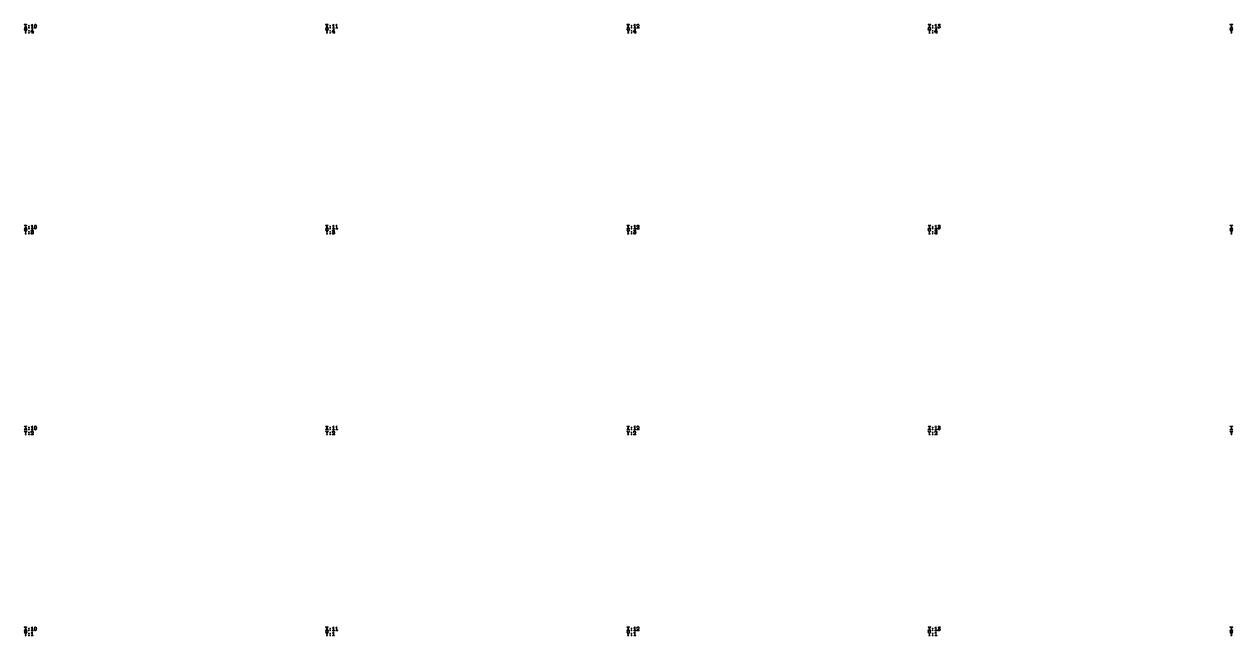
# Model space of a CAD drawing. Extents: x 3411 to 238236, y 6926 to 86361.
# Drawn here: x 163011 to 175040, y 19673 to 25762 of the extents above; entities that cross this region are included whole.
import ezdxf

# ---------------------------------------------------------------- set-up
doc = ezdxf.new("R2010")
doc.units = 13
doc.header["$MEASUREMENT"] = 0
doc.layers.add('L3D0 Base', color=3, linetype='Continuous')

msp = doc.modelspace()

# ---------------------------------------------------------------- linework, layer by layer
at = {"layer": 'L3D0 Base', "lineweight": 0}
for points in [[(163021, 25762), (163015, 25762), (163012, 25759), (163015, 25757), (163016, 25757), (163023, 25743), (163025, 25738), (163031, 25727), (163029, 25727), (163028, 25725), (163032, 25723), (163037, 25723), (163040, 25725), (163037, 25727), (163036, 25727), (163028, 25743), (163025, 25749), (163021, 25757), (163024, 25759)], [(163035, 25762), (163029, 25762), (163027, 25759), (163029, 25757), (163025, 25749), (163028, 25743), (163035, 25757), (163035, 25757), (163039, 25759)], [(163058, 25751), (163055, 25749), (163054, 25746), (163055, 25743), (163058, 25741), (163061, 25743), (163062, 25746), (163061, 25749)], [(163091, 25762), (163089, 25761), (163087, 25757), (163083, 25755), (163081, 25752), (163088, 25752), (163088, 25727), (163084, 25727), (163081, 25725), (163084, 25723), (163099, 25723), (163101, 25725), (163101, 25727), (163099, 25727), (163099, 25727), (163093, 25727), (163093, 25759)], [(163081, 25752), (163083, 25750), (163083, 25750), (163088, 25752)], [(163117, 25761), (163113, 25756), (163112, 25754), (163109, 25748), (163109, 25742), (163109, 25738), (163110, 25733), (163113, 25727), (163117, 25724), (163122, 25722), (163122, 25722), (163127, 25724), (163122, 25727), (163120, 25727), (163116, 25731), (163115, 25737), (163114, 25743), (163115, 25748), (163116, 25753), (163118, 25755), (163122, 25758)], [(163122, 25762), (163122, 25762), (163117, 25761), (163122, 25758), (163123, 25757), (163128, 25753), (163130, 25749), (163130, 25743), (163130, 25737), (163128, 25731), (163127, 25729), (163122, 25727), (163127, 25724), (163131, 25727), (163133, 25731), (163134, 25736), (163135, 25742), (163135, 25745), (163134, 25752), (163131, 25756), (163127, 25761)], [(166020, 25762), (166014, 25762), (166010, 25759), (166014, 25757), (166014, 25757), (166021, 25743), (166024, 25738), (166029, 25727), (166028, 25727), (166027, 25725), (166030, 25723), (166036, 25723), (166038, 25725), (166036, 25727), (166035, 25727), (166027, 25743), (166024, 25749), (166021, 25757), (166022, 25759)], [(166034, 25762), (166028, 25762), (166025, 25759), (166028, 25757), (166024, 25749), (166027, 25743), (166033, 25757), (166034, 25757), (166037, 25759)], [(166056, 25751), (166053, 25749), (166052, 25746), (166053, 25743), (166056, 25741), (166059, 25743), (166060, 25746), (166059, 25749)], [(166090, 25762), (166088, 25761), (166085, 25757), (166081, 25755), (166079, 25752), (166087, 25752), (166087, 25727), (166082, 25727), (166079, 25725), (166082, 25723), (166097, 25723), (166100, 25725), (166099, 25727), (166098, 25727), (166097, 25727), (166092, 25727), (166092, 25759)], [(166079, 25752), (166081, 25750), (166081, 25750), (166087, 25752)], [(166122, 25762), (166119, 25761), (166118, 25757), (166113, 25755), (166111, 25752), (166119, 25752), (166119, 25727), (166114, 25727), (166111, 25725), (166114, 25723), (166129, 25723), (166132, 25725), (166131, 25727), (166130, 25727), (166129, 25727), (166124, 25727), (166124, 25759)], [(166111, 25752), (166113, 25750), (166114, 25750), (166119, 25752)], [(169018, 25762), (169012, 25762), (169009, 25759), (169012, 25757), (169013, 25757), (169020, 25743), (169023, 25738), (169027, 25727), (169026, 25727), (169025, 25725), (169028, 25723), (169034, 25723), (169037, 25725), (169034, 25727), (169033, 25727), (169025, 25743), (169023, 25749), (169019, 25757), (169021, 25759)], [(169032, 25762), (169026, 25762), (169024, 25759), (169026, 25757), (169023, 25749), (169025, 25743), (169031, 25757), (169032, 25757), (169035, 25759)], [(169055, 25751), (169052, 25749), (169051, 25746), (169052, 25743), (169055, 25741), (169058, 25743), (169059, 25746), (169058, 25749)], [(169088, 25762), (169086, 25761), (169084, 25757), (169080, 25755), (169077, 25752), (169085, 25752), (169085, 25727), (169080, 25727), (169077, 25725), (169080, 25723), (169095, 25723), (169098, 25725), (169098, 25727), (169097, 25727), (169095, 25727), (169091, 25727), (169091, 25759)], [(169077, 25752), (169080, 25750), (169080, 25750), (169085, 25752)], [(169119, 25762), (169114, 25762), (169109, 25759), (169108, 25757), (169106, 25752), (169107, 25748), (169109, 25748), (169112, 25748), (169112, 25751), (169112, 25753), (169114, 25756), (169118, 25758), (169128, 25759), (169124, 25762)], [(169128, 25759), (169118, 25758), (169119, 25758), (169124, 25755), (169125, 25755), (169127, 25750), (169127, 25748), (169125, 25744), (169120, 25738), (169107, 25727), (169106, 25725), (169109, 25723), (169129, 25723), (169131, 25723), (169132, 25726), (169132, 25727), (169115, 25727), (169115, 25728), (169120, 25732), (169121, 25733), (169126, 25737), (169128, 25739), (169131, 25745), (169132, 25750), (169131, 25754)], [(172016, 25762), (172010, 25762), (172007, 25759), (172010, 25757), (172011, 25757), (172018, 25743), (172021, 25738), (172026, 25727), (172024, 25727), (172023, 25725), (172027, 25723), (172033, 25723), (172036, 25725), (172033, 25727), (172031, 25727), (172023, 25743), (172021, 25749), (172017, 25757), (172020, 25759)], [(172031, 25762), (172025, 25762), (172022, 25759), (172024, 25757), (172021, 25749), (172023, 25743), (172030, 25757), (172031, 25757), (172034, 25759)], [(172053, 25751), (172050, 25749), (172049, 25746), (172051, 25743), (172053, 25741), (172056, 25743), (172058, 25746), (172056, 25749)], [(172087, 25762), (172084, 25761), (172083, 25757), (172078, 25755), (172076, 25752), (172083, 25752), (172083, 25727), (172079, 25727), (172076, 25725), (172079, 25723), (172094, 25723), (172097, 25725), (172096, 25727), (172095, 25727), (172094, 25727), (172089, 25727), (172089, 25759)], [(172076, 25752), (172078, 25750), (172079, 25750), (172083, 25752)], [(172108, 25759), (172106, 25755), (172107, 25752), (172109, 25751), (172111, 25752), (172112, 25755), (172111, 25756), (172112, 25756), (172118, 25758)], [(172118, 25762), (172114, 25762), (172109, 25760), (172108, 25759), (172118, 25758), (172122, 25756), (172124, 25753), (172122, 25748), (172116, 25746), (172113, 25745), (172111, 25744), (172115, 25741), (172118, 25741), (172118, 25741), (172124, 25739), (172125, 25734), (172124, 25729), (172123, 25728), (172118, 25727), (172127, 25725), (172129, 25728), (172131, 25734), (172131, 25734), (172129, 25740), (172129, 25740), (172125, 25744), (172128, 25748), (172129, 25753), (172129, 25755), (172126, 25759), (172123, 25761)], [(175021, 25762), (175015, 25762), (175012, 25759), (175015, 25757), (175016, 25757), (175023, 25743), (175026, 25738), (175030, 25727), (175029, 25727), (175028, 25725), (175031, 25723), (175037, 25723), (175040, 25725), (175037, 25727), (175037, 25727), (175028, 25743), (175026, 25749), (175022, 25757), (175024, 25759)], [(175036, 25762), (175030, 25762), (175026, 25759), (175029, 25757), (175026, 25749), (175028, 25743), (175034, 25757), (175036, 25757), (175039, 25759)], [(163023, 25743), (163015, 25727), (163014, 25727), (163011, 25725), (163014, 25723), (163021, 25723), (163023, 25725), (163021, 25727), (163025, 25738)], [(163020, 25712), (163014, 25712), (163011, 25710), (163014, 25707), (163014, 25707), (163023, 25688), (163026, 25694), (163021, 25707), (163023, 25710)], [(163038, 25712), (163032, 25712), (163029, 25710), (163032, 25707), (163026, 25694), (163023, 25688), (163023, 25678), (163022, 25678), (163020, 25674), (163020, 25673), (163021, 25673), (163022, 25672), (163029, 25672), (163032, 25674), (163032, 25677), (163031, 25677), (163029, 25678), (163028, 25678), (163028, 25688), (163037, 25707), (163038, 25707), (163041, 25710)], [(163058, 25731), (163055, 25730), (163054, 25727), (163055, 25724), (163058, 25723), (163061, 25724), (163062, 25727), (163061, 25730)], [(163058, 25700), (163055, 25699), (163054, 25696), (163055, 25693), (163058, 25692), (163061, 25693), (163062, 25696), (163061, 25699)], [(163058, 25681), (163055, 25680), (163054, 25677), (163055, 25674), (163058, 25672), (163061, 25674), (163062, 25677), (163061, 25680)], [(163095, 25713), (163093, 25713), (163091, 25712), (163090, 25711), (163076, 25689), (163076, 25686), (163076, 25684), (163078, 25683), (163093, 25683), (163093, 25678), (163090, 25678), (163087, 25674), (163090, 25672), (163101, 25672), (163103, 25674), (163103, 25677), (163102, 25677), (163101, 25678), (163097, 25678), (163097, 25683), (163102, 25683), (163105, 25685), (163102, 25688), (163097, 25688), (163081, 25688), (163093, 25707), (163097, 25710), (163097, 25712)], [(163097, 25710), (163093, 25707), (163093, 25688), (163081, 25688), (163097, 25688)], [(166021, 25743), (166014, 25727), (166013, 25727), (166010, 25725), (166013, 25723), (166019, 25723), (166022, 25725), (166019, 25727), (166024, 25738)], [(166018, 25712), (166012, 25712), (166010, 25710), (166012, 25707), (166014, 25707), (166022, 25688), (166024, 25694), (166019, 25707), (166021, 25710)], [(166036, 25712), (166030, 25712), (166028, 25710), (166030, 25707), (166024, 25694), (166022, 25688), (166022, 25678), (166021, 25678), (166018, 25674), (166018, 25673), (166020, 25673), (166021, 25672), (166028, 25672), (166031, 25674), (166030, 25677), (166029, 25677), (166028, 25678), (166027, 25678), (166027, 25688), (166035, 25707), (166036, 25707), (166039, 25710)], [(166056, 25731), (166053, 25730), (166052, 25727), (166053, 25724), (166056, 25723), (166059, 25724), (166060, 25727), (166059, 25730)], [(166056, 25700), (166053, 25699), (166052, 25696), (166053, 25693), (166056, 25692), (166059, 25693), (166060, 25696), (166059, 25699)], [(166056, 25681), (166053, 25680), (166052, 25677), (166053, 25674), (166056, 25672), (166059, 25674), (166060, 25677), (166059, 25680)], [(166093, 25713), (166091, 25713), (166089, 25712), (166088, 25711), (166075, 25689), (166074, 25686), (166075, 25684), (166077, 25683), (166091, 25683), (166091, 25678), (166088, 25678), (166085, 25674), (166088, 25672), (166099, 25672), (166102, 25674), (166102, 25677), (166100, 25677), (166099, 25678), (166096, 25678), (166096, 25683), (166100, 25683), (166103, 25685), (166100, 25688), (166096, 25688), (166080, 25688), (166091, 25707), (166096, 25710), (166095, 25712)], [(166096, 25710), (166091, 25707), (166091, 25688), (166080, 25688), (166096, 25688)], [(169020, 25743), (169012, 25727), (169011, 25727), (169008, 25725), (169011, 25723), (169017, 25723), (169020, 25725), (169018, 25727), (169023, 25738)], [(169017, 25712), (169010, 25712), (169008, 25710), (169010, 25707), (169012, 25707), (169020, 25688), (169023, 25694), (169017, 25707), (169020, 25710)], [(169034, 25712), (169028, 25712), (169026, 25710), (169028, 25707), (169023, 25694), (169020, 25688), (169020, 25678), (169019, 25678), (169017, 25674), (169017, 25673), (169018, 25673), (169019, 25672), (169026, 25672), (169029, 25674), (169029, 25677), (169027, 25677), (169026, 25678), (169025, 25678), (169025, 25688), (169034, 25707), (169034, 25707), (169038, 25710)], [(169055, 25731), (169052, 25730), (169051, 25727), (169052, 25724), (169055, 25723), (169058, 25724), (169059, 25727), (169058, 25730)], [(169055, 25700), (169052, 25699), (169051, 25696), (169052, 25693), (169055, 25692), (169058, 25693), (169059, 25696), (169058, 25699)], [(169055, 25681), (169052, 25680), (169051, 25677), (169052, 25674), (169055, 25672), (169058, 25674), (169059, 25677), (169058, 25680)], [(169091, 25713), (169090, 25713), (169088, 25712), (169087, 25711), (169073, 25689), (169073, 25686), (169073, 25684), (169076, 25683), (169090, 25683), (169090, 25678), (169087, 25678), (169084, 25674), (169087, 25672), (169098, 25672), (169101, 25674), (169100, 25677), (169099, 25677), (169098, 25678), (169094, 25678), (169094, 25683), (169098, 25683), (169101, 25685), (169098, 25688), (169094, 25688), (169078, 25688), (169090, 25707), (169094, 25710), (169094, 25712)], [(169094, 25710), (169090, 25707), (169090, 25688), (169078, 25688), (169094, 25688)], [(169129, 25731), (169127, 25730), (169127, 25727), (169115, 25727), (169132, 25727), (169132, 25730)], [(172018, 25743), (172010, 25727), (172009, 25727), (172006, 25725), (172009, 25723), (172016, 25723), (172019, 25725), (172016, 25727), (172021, 25738)], [(172016, 25712), (172009, 25712), (172006, 25710), (172009, 25707), (172010, 25707), (172019, 25688), (172021, 25694), (172016, 25707), (172018, 25710)], [(172034, 25712), (172027, 25712), (172024, 25710), (172027, 25707), (172021, 25694), (172019, 25688), (172019, 25678), (172018, 25678), (172015, 25674), (172016, 25673), (172016, 25673), (172018, 25672), (172025, 25672), (172027, 25674), (172027, 25677), (172026, 25677), (172025, 25678), (172023, 25678), (172023, 25688), (172032, 25707), (172034, 25707), (172036, 25710)], [(172053, 25731), (172050, 25730), (172049, 25727), (172051, 25724), (172053, 25723), (172056, 25724), (172058, 25727), (172056, 25730)], [(172053, 25700), (172050, 25699), (172049, 25696), (172051, 25693), (172053, 25692), (172056, 25693), (172058, 25696), (172056, 25699)], [(172053, 25681), (172050, 25680), (172049, 25677), (172051, 25674), (172053, 25672), (172056, 25674), (172058, 25677), (172056, 25680)], [(172090, 25713), (172088, 25713), (172087, 25712), (172085, 25711), (172072, 25689), (172071, 25686), (172072, 25684), (172074, 25683), (172088, 25683), (172088, 25678), (172085, 25678), (172083, 25674), (172085, 25672), (172096, 25672), (172099, 25674), (172098, 25677), (172097, 25677), (172096, 25678), (172093, 25678), (172093, 25683), (172097, 25683), (172100, 25685), (172097, 25688), (172093, 25688), (172076, 25688), (172088, 25707), (172093, 25710), (172092, 25712)], [(172093, 25710), (172088, 25707), (172088, 25688), (172076, 25688), (172093, 25688)], [(172107, 25735), (172105, 25734), (172104, 25731), (172104, 25729), (172108, 25724), (172111, 25723), (172118, 25722), (172122, 25723), (172127, 25725), (172118, 25727), (172113, 25727), (172110, 25730), (172110, 25731), (172109, 25734)], [(175020, 25712), (175014, 25712), (175011, 25710), (175014, 25707), (175015, 25707), (175023, 25688), (175026, 25694), (175020, 25707), (175023, 25710)], [(175023, 25743), (175016, 25727), (175014, 25727), (175012, 25725), (175014, 25723), (175020, 25723), (175023, 25725), (175021, 25727), (175026, 25738)], [(175038, 25712), (175032, 25712), (175029, 25710), (175031, 25707), (175026, 25694), (175023, 25688), (175023, 25678), (175023, 25678), (175019, 25674), (175020, 25673), (175021, 25673), (175023, 25672), (175030, 25672), (175032, 25674), (175032, 25677), (175031, 25677), (175030, 25678), (175029, 25678), (175029, 25688), (175037, 25707), (175038, 25707), (175040, 25710)], [(163023, 23743), (163015, 23728), (163014, 23728), (163011, 23725), (163014, 23723), (163021, 23723), (163023, 23725), (163021, 23728), (163025, 23738)], [(163020, 23712), (163014, 23712), (163011, 23710), (163014, 23707), (163014, 23707), (163023, 23689), (163026, 23694), (163021, 23707), (163023, 23710)], [(163021, 23762), (163015, 23762), (163012, 23759), (163015, 23757), (163016, 23757), (163023, 23743), (163025, 23738), (163031, 23728), (163029, 23727), (163028, 23725), (163032, 23723), (163037, 23723), (163040, 23725), (163037, 23728), (163036, 23728), (163028, 23744), (163025, 23749), (163021, 23757), (163024, 23759)], [(163038, 23712), (163032, 23712), (163029, 23710), (163032, 23707), (163026, 23694), (163023, 23689), (163023, 23678), (163022, 23678), (163020, 23675), (163020, 23673), (163021, 23673), (163022, 23672), (163029, 23672), (163032, 23675), (163032, 23677), (163031, 23678), (163029, 23678), (163028, 23678), (163028, 23689), (163037, 23707), (163038, 23707), (163041, 23710)], [(163035, 23762), (163029, 23762), (163027, 23759), (163029, 23757), (163025, 23749), (163028, 23744), (163035, 23757), (163035, 23757), (163039, 23759)], [(163058, 23751), (163055, 23749), (163054, 23746), (163055, 23743), (163058, 23742), (163061, 23743), (163062, 23746), (163061, 23749)], [(163058, 23731), (163055, 23730), (163054, 23727), (163055, 23724), (163058, 23723), (163061, 23724), (163062, 23727), (163061, 23730)], [(163058, 23700), (163055, 23699), (163054, 23696), (163055, 23693), (163058, 23692), (163061, 23693), (163062, 23696), (163061, 23699)], [(163081, 23710), (163078, 23705), (163079, 23702), (163081, 23701), (163084, 23702), (163084, 23705), (163084, 23706), (163084, 23706), (163090, 23708)], [(163091, 23763), (163089, 23761), (163087, 23757), (163083, 23755), (163081, 23752), (163088, 23752), (163088, 23728), (163084, 23728), (163081, 23725), (163084, 23723), (163099, 23723), (163101, 23725), (163101, 23727), (163099, 23728), (163099, 23728), (163093, 23728), (163093, 23759)], [(163081, 23752), (163083, 23750), (163083, 23750), (163088, 23752)], [(163090, 23713), (163086, 23712), (163081, 23710), (163081, 23710), (163090, 23708), (163095, 23706), (163097, 23703), (163095, 23698), (163089, 23696), (163085, 23696), (163084, 23694), (163087, 23691), (163090, 23691), (163091, 23691), (163096, 23689), (163099, 23684), (163096, 23679), (163095, 23678), (163090, 23677), (163100, 23675), (163102, 23678), (163103, 23684), (163103, 23684), (163102, 23690), (163102, 23690), (163097, 23694), (163100, 23698), (163102, 23703), (163102, 23705), (163099, 23710), (163096, 23711)], [(163117, 23761), (163113, 23756), (163112, 23754), (163109, 23749), (163109, 23742), (163109, 23738), (163110, 23733), (163113, 23728), (163117, 23724), (163122, 23722), (163122, 23722), (163127, 23724), (163122, 23727), (163120, 23727), (163116, 23731), (163115, 23737), (163114, 23743), (163115, 23749), (163116, 23753), (163118, 23756), (163122, 23758)], [(163122, 23763), (163122, 23763), (163117, 23761), (163122, 23758), (163123, 23757), (163128, 23753), (163130, 23749), (163130, 23743), (163130, 23737), (163128, 23731), (163127, 23729), (163122, 23727), (163127, 23724), (163131, 23728), (163133, 23731), (163134, 23736), (163135, 23742), (163135, 23746), (163134, 23752), (163131, 23757), (163127, 23761)], [(166020, 23762), (166014, 23762), (166010, 23759), (166014, 23757), (166014, 23757), (166021, 23743), (166024, 23738), (166029, 23728), (166028, 23727), (166027, 23725), (166030, 23723), (166036, 23723), (166038, 23725), (166036, 23728), (166035, 23728), (166027, 23744), (166024, 23749), (166021, 23757), (166022, 23759)], [(166021, 23743), (166014, 23728), (166013, 23728), (166010, 23725), (166013, 23723), (166019, 23723), (166022, 23725), (166019, 23728), (166024, 23738)], [(166018, 23712), (166012, 23712), (166010, 23710), (166012, 23707), (166014, 23707), (166022, 23689), (166024, 23694), (166019, 23707), (166021, 23710)], [(166036, 23712), (166030, 23712), (166028, 23710), (166030, 23707), (166024, 23694), (166022, 23689), (166022, 23678), (166021, 23678), (166018, 23675), (166018, 23673), (166020, 23673), (166021, 23672), (166028, 23672), (166031, 23675), (166030, 23677), (166029, 23678), (166028, 23678), (166027, 23678), (166027, 23689), (166035, 23707), (166036, 23707), (166039, 23710)], [(166034, 23762), (166028, 23762), (166025, 23759), (166028, 23757), (166024, 23749), (166027, 23744), (166033, 23757), (166034, 23757), (166037, 23759)], [(166056, 23751), (166053, 23749), (166052, 23746), (166053, 23743), (166056, 23742), (166059, 23743), (166060, 23746), (166059, 23749)], [(166056, 23731), (166053, 23730), (166052, 23727), (166053, 23724), (166056, 23723), (166059, 23724), (166060, 23727), (166059, 23730)], [(166056, 23700), (166053, 23699), (166052, 23696), (166053, 23693), (166056, 23692), (166059, 23693), (166060, 23696), (166059, 23699)], [(166079, 23710), (166077, 23705), (166077, 23702), (166080, 23701), (166082, 23702), (166083, 23705), (166083, 23706), (166083, 23706), (166088, 23708)], [(166090, 23763), (166088, 23761), (166085, 23757), (166081, 23755), (166079, 23752), (166087, 23752), (166087, 23728), (166082, 23728), (166079, 23725), (166082, 23723), (166097, 23723), (166100, 23725), (166099, 23727), (166098, 23728), (166097, 23728), (166092, 23728), (166092, 23759)], [(166079, 23752), (166081, 23750), (166081, 23750), (166087, 23752)], [(166088, 23713), (166085, 23712), (166080, 23710), (166079, 23710), (166088, 23708), (166093, 23706), (166095, 23703), (166093, 23698), (166088, 23696), (166084, 23696), (166083, 23694), (166086, 23691), (166088, 23691), (166090, 23691), (166095, 23689), (166097, 23684), (166095, 23679), (166094, 23678), (166088, 23677), (166098, 23675), (166101, 23678), (166102, 23684), (166102, 23684), (166100, 23690), (166100, 23690), (166095, 23694), (166099, 23698), (166100, 23703), (166100, 23705), (166097, 23710), (166095, 23711)], [(166122, 23763), (166119, 23761), (166118, 23757), (166113, 23755), (166111, 23752), (166119, 23752), (166119, 23728), (166114, 23728), (166111, 23725), (166114, 23723), (166129, 23723), (166132, 23725), (166131, 23727), (166130, 23728), (166129, 23728), (166124, 23728), (166124, 23759)], [(166111, 23752), (166113, 23750), (166114, 23750), (166119, 23752)], [(169020, 23743), (169012, 23728), (169011, 23728), (169008, 23725), (169011, 23723), (169017, 23723), (169020, 23725), (169018, 23728), (169023, 23738)], [(169017, 23712), (169010, 23712), (169008, 23710), (169010, 23707), (169012, 23707), (169020, 23689), (169023, 23694), (169017, 23707), (169020, 23710)], [(169018, 23762), (169012, 23762), (169009, 23759), (169012, 23757), (169013, 23757), (169020, 23743), (169023, 23738), (169027, 23728), (169026, 23727), (169025, 23725), (169028, 23723), (169034, 23723), (169037, 23725), (169034, 23728), (169033, 23728), (169025, 23744), (169023, 23749), (169019, 23757), (169021, 23759)], [(169034, 23712), (169028, 23712), (169026, 23710), (169028, 23707), (169023, 23694), (169020, 23689), (169020, 23678), (169019, 23678), (169017, 23675), (169017, 23673), (169018, 23673), (169019, 23672), (169026, 23672), (169029, 23675), (169029, 23677), (169027, 23678), (169026, 23678), (169025, 23678), (169025, 23689), (169034, 23707), (169034, 23707), (169038, 23710)], [(169032, 23762), (169026, 23762), (169024, 23759), (169026, 23757), (169023, 23749), (169025, 23744), (169031, 23757), (169032, 23757), (169035, 23759)], [(169055, 23751), (169052, 23749), (169051, 23746), (169052, 23743), (169055, 23742), (169058, 23743), (169059, 23746), (169058, 23749)], [(169055, 23731), (169052, 23730), (169051, 23727), (169052, 23724), (169055, 23723), (169058, 23724), (169059, 23727), (169058, 23730)], [(169055, 23700), (169052, 23699), (169051, 23696), (169052, 23693), (169055, 23692), (169058, 23693), (169059, 23696), (169058, 23699)], [(169077, 23710), (169075, 23705), (169077, 23702), (169078, 23701), (169080, 23702), (169081, 23705), (169081, 23706), (169081, 23706), (169087, 23708)], [(169088, 23763), (169086, 23761), (169084, 23757), (169080, 23755), (169077, 23752), (169085, 23752), (169085, 23728), (169080, 23728), (169077, 23725), (169080, 23723), (169095, 23723), (169098, 23725), (169098, 23727), (169097, 23728), (169095, 23728), (169091, 23728), (169091, 23759)], [(169077, 23752), (169080, 23750), (169080, 23750), (169085, 23752)], [(169087, 23713), (169084, 23712), (169078, 23710), (169077, 23710), (169087, 23708), (169092, 23706), (169094, 23703), (169091, 23698), (169086, 23696), (169082, 23696), (169081, 23694), (169084, 23691), (169087, 23691), (169088, 23691), (169093, 23689), (169095, 23684), (169093, 23679), (169092, 23678), (169087, 23677), (169097, 23675), (169099, 23678), (169101, 23684), (169101, 23684), (169098, 23690), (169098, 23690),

****************************************

• **TASK ITEM**: Among the lines above, return each one holding the string "Base".

• **ANSWER BOX**:
doc.layers.add('L3D0 Base', color=3, linetype='Continuous')
at = {"layer": 'L3D0 Base', "lineweight": 0}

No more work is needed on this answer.